What is expected: Pictures stay out; everything else in the records below is to be repeated exactly.

Raw data:

####################

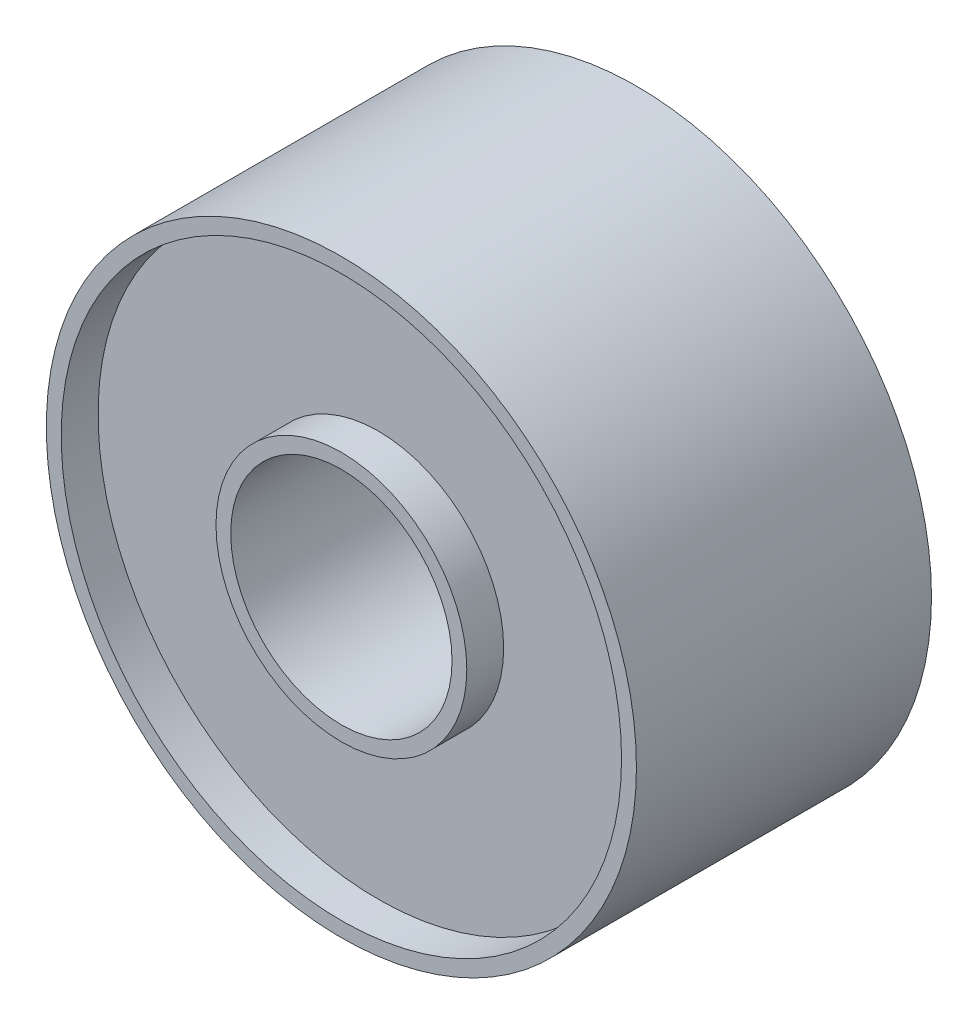
from build123d import *

# Parameters (mm, degrees)
SKETCH1_R           = 4
SKETCH1_R_2         = 1.5
BOSS_EXTRUDE1_DEPTH = 4
SKETCH2_R           = 3.798207028
SKETCH2_R_2         = 1.7
CUT_EXTRUDE2_DEPTH  = 0.5
CUT_EXTRUDE3_START  = -0.5
SKETCH3_R           = 3.798207028
SKETCH3_R_2         = 1.7
CUT_EXTRUDE3_DEPTH  = 0.5


with BuildPart() as part:
    # Sketch1 → Boss-Extrude1 (new body)
    with BuildSketch(Plane.XY):
        Circle(SKETCH1_R)
        Circle(SKETCH1_R_2, mode=Mode.SUBTRACT)
    extrude(amount=BOSS_EXTRUDE1_DEPTH)

    # Sketch2 → Cut-Extrude2 (cut)
    with BuildSketch(Plane.XY.offset(4)):
        Circle(SKETCH2_R)
        Circle(SKETCH2_R_2, mode=Mode.SUBTRACT)
    extrude(amount=-CUT_EXTRUDE2_DEPTH, mode=Mode.SUBTRACT)

    # Sketch3 → Cut-Extrude3 (cut)
    with BuildSketch(Plane(origin=(0, 0, 0), x_dir=(-1, 0, 0), z_dir=(0, 0, -1)).offset(CUT_EXTRUDE3_START)):
        with Locations(Location((0, 0, 0), (0, 0, 180))):
            Circle(SKETCH3_R)
        with Locations(Location((0, 0, 0), (0, 0, 180))):
            Circle(SKETCH3_R_2, mode=Mode.SUBTRACT)
    extrude(amount=CUT_EXTRUDE3_DEPTH, mode=Mode.SUBTRACT)


solid = part.part

####################

Result of this exercise:
from build123d import *

# Parameters (mm, degrees)
SKETCH1_R           = 4
SKETCH1_R_2         = 1.5
BOSS_EXTRUDE1_DEPTH = 4
SKETCH2_R           = 3.798207028
SKETCH2_R_2         = 1.7
CUT_EXTRUDE2_DEPTH  = 0.5
CUT_EXTRUDE3_START  = -0.5
SKETCH3_R           = 3.798207028
SKETCH3_R_2         = 1.7
CUT_EXTRUDE3_DEPTH  = 0.5


with BuildPart() as part:
    # Sketch1 → Boss-Extrude1 (new body)
    with BuildSketch(Plane.XY):
        Circle(SKETCH1_R)
        Circle(SKETCH1_R_2, mode=Mode.SUBTRACT)
    extrude(amount=BOSS_EXTRUDE1_DEPTH)

    # Sketch2 → Cut-Extrude2 (cut)
    with BuildSketch(Plane.XY.offset(4)):
        Circle(SKETCH2_R)
        Circle(SKETCH2_R_2, mode=Mode.SUBTRACT)
    extrude(amount=-CUT_EXTRUDE2_DEPTH, mode=Mode.SUBTRACT)

    # Sketch3 → Cut-Extrude3 (cut)
    with BuildSketch(Plane(origin=(0, 0, 0), x_dir=(-1, 0, 0), z_dir=(0, 0, -1)).offset(CUT_EXTRUDE3_START)):
        with Locations(Location((0, 0, 0), (0, 0, 180))):
            Circle(SKETCH3_R)
        with Locations(Location((0, 0, 0), (0, 0, 180))):
            Circle(SKETCH3_R_2, mode=Mode.SUBTRACT)
    extrude(amount=CUT_EXTRUDE3_DEPTH, mode=Mode.SUBTRACT)


solid = part.part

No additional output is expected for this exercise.